*Your goal*
Where in the entries below does "dxfattribs" appear? Copy every line that has it.

----- Data for this exercise -----

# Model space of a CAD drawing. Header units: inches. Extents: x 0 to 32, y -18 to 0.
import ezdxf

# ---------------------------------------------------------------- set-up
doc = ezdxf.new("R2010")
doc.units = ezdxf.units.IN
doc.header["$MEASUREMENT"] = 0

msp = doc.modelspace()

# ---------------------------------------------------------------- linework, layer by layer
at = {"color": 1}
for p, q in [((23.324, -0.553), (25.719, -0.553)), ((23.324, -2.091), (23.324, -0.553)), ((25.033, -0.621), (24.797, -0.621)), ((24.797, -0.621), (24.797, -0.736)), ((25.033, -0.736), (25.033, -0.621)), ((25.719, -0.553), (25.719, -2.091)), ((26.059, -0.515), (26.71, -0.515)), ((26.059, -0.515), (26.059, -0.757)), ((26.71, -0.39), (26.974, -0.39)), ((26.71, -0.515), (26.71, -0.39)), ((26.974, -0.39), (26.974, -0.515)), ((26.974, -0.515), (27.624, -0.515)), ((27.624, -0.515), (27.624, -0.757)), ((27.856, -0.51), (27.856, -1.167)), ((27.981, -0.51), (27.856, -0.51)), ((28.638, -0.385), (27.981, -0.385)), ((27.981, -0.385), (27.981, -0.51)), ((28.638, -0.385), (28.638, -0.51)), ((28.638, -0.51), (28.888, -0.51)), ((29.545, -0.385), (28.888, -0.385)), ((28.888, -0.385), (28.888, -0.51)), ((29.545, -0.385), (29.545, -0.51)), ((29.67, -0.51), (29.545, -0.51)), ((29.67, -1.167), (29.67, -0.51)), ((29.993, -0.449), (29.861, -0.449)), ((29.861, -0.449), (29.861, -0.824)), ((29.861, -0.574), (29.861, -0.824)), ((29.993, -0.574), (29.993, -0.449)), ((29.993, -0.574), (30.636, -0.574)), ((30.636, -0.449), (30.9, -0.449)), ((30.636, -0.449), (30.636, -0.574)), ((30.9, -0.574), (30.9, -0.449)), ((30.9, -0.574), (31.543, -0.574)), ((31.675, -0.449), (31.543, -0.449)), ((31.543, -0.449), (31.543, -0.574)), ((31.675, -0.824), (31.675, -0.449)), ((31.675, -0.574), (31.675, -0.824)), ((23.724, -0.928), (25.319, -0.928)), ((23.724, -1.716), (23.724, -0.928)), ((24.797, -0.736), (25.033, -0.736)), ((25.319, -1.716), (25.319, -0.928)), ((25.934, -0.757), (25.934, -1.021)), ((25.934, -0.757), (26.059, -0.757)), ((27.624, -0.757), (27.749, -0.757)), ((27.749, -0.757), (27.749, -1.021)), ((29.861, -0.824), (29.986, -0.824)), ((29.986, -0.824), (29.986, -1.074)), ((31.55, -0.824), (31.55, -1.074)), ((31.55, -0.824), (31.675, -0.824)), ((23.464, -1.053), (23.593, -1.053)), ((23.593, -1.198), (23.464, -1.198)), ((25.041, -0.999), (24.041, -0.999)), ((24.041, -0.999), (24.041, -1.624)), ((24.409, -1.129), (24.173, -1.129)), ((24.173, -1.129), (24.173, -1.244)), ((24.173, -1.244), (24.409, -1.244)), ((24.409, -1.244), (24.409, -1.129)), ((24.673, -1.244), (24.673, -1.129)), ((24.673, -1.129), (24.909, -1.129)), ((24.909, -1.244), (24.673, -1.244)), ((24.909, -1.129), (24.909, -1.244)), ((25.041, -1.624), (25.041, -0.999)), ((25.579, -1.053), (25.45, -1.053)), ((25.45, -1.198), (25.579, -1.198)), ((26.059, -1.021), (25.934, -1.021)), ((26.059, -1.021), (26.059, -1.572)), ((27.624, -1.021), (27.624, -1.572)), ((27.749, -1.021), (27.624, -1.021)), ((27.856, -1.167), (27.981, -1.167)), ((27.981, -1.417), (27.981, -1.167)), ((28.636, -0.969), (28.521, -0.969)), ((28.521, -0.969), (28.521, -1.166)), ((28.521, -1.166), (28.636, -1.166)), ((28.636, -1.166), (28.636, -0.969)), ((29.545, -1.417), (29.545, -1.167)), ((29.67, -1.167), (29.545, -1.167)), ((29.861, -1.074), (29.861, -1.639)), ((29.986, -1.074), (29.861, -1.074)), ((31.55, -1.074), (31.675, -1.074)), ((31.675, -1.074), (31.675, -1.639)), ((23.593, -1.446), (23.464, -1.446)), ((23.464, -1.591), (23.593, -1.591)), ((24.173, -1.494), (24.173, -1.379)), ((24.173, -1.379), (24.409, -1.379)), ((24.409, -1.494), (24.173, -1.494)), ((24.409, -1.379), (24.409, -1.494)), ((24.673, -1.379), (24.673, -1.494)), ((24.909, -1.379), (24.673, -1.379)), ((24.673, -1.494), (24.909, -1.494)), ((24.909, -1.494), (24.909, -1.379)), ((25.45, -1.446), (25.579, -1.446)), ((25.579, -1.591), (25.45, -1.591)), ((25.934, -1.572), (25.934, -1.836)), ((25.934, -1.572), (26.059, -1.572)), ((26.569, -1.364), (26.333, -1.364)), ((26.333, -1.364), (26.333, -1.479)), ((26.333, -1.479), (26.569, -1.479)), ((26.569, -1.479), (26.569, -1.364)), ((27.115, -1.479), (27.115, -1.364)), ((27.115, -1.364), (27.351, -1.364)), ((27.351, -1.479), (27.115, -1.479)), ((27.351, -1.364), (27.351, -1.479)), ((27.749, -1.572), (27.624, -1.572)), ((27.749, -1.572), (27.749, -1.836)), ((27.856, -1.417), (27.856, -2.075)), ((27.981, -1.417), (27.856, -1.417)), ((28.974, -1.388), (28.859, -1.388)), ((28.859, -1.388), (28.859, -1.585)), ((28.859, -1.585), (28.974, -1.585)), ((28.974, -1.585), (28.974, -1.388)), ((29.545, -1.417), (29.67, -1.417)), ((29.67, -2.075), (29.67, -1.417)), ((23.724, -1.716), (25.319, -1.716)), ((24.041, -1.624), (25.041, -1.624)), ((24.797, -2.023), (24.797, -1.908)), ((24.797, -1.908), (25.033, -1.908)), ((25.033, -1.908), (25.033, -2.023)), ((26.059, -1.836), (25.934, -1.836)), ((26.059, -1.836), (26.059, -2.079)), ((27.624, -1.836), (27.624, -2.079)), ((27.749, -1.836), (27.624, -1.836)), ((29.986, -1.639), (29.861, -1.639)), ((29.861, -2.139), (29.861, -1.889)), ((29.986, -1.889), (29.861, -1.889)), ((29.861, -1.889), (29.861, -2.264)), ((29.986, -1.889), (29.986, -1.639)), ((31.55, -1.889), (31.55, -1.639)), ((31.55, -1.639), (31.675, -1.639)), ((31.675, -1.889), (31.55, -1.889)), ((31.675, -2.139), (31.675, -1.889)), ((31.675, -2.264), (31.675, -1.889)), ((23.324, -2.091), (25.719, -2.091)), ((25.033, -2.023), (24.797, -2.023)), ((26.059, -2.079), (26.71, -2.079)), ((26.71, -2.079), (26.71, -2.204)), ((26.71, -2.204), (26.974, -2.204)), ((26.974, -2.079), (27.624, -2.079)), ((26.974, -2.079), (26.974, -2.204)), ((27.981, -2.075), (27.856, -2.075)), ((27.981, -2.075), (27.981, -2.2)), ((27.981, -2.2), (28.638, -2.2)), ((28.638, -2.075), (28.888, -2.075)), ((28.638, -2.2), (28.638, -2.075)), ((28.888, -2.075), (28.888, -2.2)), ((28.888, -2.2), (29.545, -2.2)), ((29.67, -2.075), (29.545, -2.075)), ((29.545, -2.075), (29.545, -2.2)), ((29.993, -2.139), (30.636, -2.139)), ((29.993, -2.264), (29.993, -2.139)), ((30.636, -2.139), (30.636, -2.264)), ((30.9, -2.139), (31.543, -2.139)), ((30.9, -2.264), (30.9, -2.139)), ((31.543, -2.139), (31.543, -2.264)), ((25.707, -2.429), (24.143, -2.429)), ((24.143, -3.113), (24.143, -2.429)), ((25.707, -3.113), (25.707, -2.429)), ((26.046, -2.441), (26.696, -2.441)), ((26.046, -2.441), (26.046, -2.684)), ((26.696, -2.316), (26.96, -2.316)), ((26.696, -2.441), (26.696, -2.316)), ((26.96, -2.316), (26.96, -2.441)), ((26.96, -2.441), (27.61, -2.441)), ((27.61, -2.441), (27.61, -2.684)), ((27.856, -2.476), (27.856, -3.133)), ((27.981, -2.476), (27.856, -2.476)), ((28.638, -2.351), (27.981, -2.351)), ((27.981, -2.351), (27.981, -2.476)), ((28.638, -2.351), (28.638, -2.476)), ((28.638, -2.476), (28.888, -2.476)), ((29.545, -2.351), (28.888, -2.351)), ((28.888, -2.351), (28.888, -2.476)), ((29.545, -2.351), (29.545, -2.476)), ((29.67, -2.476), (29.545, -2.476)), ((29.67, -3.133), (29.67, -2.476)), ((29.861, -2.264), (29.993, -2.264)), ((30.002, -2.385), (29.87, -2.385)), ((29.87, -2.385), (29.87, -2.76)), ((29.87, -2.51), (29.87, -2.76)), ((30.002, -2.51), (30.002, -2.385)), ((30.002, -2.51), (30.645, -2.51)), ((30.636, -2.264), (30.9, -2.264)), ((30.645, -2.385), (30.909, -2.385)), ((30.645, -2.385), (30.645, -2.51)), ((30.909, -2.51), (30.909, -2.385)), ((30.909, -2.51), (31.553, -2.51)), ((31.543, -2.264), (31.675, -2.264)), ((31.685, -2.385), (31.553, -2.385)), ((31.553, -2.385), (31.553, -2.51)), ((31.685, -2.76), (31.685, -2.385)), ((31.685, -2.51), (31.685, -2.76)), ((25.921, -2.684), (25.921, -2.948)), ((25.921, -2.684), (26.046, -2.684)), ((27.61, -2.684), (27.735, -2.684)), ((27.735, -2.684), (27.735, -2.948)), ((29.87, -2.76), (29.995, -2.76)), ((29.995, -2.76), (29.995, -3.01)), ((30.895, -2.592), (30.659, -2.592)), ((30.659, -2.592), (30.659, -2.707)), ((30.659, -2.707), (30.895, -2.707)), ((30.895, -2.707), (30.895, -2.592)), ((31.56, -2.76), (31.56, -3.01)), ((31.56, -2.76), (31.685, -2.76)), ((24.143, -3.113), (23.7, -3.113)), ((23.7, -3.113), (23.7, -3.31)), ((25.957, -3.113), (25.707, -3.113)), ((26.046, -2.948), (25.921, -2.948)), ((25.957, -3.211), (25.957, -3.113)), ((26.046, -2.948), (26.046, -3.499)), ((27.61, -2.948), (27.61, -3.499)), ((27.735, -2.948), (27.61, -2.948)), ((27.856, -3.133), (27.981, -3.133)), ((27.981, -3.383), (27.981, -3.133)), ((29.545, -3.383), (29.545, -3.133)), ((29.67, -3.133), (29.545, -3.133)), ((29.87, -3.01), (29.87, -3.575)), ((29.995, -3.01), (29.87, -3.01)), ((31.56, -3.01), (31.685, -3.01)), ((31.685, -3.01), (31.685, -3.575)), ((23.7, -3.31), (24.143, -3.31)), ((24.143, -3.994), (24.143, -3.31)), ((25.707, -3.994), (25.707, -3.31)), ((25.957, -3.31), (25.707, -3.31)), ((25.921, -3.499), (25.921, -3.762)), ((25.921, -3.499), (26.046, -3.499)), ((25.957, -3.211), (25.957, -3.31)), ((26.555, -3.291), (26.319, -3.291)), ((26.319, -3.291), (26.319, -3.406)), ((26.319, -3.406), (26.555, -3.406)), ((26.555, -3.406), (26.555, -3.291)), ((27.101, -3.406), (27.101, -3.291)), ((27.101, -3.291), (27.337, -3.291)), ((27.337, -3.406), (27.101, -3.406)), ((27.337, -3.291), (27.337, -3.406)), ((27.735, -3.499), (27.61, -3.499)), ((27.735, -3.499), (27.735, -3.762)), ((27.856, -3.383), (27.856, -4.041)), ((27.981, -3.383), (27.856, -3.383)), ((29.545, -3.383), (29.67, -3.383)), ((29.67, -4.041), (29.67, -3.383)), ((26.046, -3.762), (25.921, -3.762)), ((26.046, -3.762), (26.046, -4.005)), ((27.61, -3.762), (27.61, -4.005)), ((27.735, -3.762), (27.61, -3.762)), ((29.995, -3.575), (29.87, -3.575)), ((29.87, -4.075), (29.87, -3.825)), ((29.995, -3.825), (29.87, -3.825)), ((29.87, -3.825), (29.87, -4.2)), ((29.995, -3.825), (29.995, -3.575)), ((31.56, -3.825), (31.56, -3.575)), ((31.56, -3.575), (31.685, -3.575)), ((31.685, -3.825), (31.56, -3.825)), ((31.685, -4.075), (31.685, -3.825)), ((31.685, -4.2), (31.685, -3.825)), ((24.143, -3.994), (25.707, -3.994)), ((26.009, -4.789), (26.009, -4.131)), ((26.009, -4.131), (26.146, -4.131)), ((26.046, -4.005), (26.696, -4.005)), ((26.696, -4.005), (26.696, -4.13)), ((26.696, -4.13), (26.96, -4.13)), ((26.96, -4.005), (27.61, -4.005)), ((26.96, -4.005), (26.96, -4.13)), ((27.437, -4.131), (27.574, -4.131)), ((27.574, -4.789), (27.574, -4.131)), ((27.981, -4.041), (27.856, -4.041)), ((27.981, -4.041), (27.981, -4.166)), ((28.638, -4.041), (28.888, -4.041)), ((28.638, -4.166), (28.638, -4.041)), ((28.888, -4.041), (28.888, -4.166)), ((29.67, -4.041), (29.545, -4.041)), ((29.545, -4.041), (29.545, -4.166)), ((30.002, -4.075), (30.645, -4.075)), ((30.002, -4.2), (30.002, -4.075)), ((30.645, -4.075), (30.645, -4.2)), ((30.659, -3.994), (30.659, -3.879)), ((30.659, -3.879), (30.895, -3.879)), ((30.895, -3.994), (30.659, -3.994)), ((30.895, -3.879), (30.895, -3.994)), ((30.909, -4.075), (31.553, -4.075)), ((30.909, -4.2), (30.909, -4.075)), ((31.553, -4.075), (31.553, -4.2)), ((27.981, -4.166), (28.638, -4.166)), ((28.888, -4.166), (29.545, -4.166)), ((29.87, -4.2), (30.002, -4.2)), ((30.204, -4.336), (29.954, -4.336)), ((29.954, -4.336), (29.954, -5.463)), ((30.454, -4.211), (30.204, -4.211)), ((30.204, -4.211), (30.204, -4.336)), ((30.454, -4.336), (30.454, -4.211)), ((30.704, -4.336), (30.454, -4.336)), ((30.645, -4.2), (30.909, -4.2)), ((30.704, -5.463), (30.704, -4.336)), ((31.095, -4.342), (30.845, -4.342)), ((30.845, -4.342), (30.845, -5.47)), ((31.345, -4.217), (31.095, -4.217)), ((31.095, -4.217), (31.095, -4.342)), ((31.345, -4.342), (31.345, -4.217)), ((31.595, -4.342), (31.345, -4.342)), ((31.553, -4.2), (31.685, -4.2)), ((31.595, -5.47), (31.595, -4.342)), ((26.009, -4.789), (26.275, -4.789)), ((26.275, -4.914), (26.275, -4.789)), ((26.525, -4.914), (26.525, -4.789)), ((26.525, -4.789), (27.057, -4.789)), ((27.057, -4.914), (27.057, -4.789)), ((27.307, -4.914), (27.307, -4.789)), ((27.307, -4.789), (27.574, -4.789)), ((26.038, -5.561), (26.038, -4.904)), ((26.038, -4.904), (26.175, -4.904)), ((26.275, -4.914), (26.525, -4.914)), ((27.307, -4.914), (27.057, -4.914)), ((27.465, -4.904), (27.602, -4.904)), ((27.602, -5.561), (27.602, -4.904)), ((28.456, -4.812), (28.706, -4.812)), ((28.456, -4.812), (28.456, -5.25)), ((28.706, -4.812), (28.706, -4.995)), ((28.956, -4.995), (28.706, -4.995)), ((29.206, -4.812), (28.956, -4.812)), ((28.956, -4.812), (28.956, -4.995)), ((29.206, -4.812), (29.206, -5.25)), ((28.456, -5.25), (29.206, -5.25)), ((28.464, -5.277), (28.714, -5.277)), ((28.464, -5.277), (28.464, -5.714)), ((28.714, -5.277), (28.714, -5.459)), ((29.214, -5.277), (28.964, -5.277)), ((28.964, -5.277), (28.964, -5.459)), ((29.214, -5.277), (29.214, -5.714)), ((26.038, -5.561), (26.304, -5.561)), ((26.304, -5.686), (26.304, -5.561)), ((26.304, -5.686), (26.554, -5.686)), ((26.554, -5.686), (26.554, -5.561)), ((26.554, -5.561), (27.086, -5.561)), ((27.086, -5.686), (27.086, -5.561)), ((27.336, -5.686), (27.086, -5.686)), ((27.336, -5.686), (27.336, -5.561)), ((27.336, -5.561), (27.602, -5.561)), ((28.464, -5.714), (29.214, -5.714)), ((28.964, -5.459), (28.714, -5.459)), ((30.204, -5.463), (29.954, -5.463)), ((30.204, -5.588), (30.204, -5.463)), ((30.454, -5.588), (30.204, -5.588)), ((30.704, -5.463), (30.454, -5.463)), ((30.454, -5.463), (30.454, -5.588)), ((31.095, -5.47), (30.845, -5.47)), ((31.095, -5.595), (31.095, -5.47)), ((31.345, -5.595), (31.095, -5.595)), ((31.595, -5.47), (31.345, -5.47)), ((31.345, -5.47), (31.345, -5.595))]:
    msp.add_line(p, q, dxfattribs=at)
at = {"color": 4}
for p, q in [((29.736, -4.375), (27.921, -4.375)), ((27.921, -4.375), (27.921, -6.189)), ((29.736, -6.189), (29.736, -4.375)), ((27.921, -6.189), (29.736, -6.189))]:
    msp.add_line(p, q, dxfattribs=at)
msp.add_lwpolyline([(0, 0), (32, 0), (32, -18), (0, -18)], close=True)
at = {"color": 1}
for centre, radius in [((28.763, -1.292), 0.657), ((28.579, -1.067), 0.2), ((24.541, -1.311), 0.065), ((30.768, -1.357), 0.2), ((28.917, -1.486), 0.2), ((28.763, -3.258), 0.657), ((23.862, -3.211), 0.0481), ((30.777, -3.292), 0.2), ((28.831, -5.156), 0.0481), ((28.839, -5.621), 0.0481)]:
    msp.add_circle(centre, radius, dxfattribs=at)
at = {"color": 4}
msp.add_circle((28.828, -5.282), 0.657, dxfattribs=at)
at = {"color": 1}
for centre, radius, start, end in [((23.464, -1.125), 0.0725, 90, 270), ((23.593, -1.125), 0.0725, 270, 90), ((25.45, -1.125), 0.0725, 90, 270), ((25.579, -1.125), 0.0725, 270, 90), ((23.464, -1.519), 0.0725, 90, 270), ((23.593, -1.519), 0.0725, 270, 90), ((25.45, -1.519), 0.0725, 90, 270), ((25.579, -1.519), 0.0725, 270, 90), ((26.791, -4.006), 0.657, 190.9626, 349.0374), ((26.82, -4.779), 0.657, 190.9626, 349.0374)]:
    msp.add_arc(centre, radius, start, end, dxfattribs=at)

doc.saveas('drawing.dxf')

-----

*Solution below*
    msp.add_line(p, q, dxfattribs=at)
    msp.add_line(p, q, dxfattribs=at)
    msp.add_circle(centre, radius, dxfattribs=at)
msp.add_circle((28.828, -5.282), 0.657, dxfattribs=at)
    msp.add_arc(centre, radius, start, end, dxfattribs=at)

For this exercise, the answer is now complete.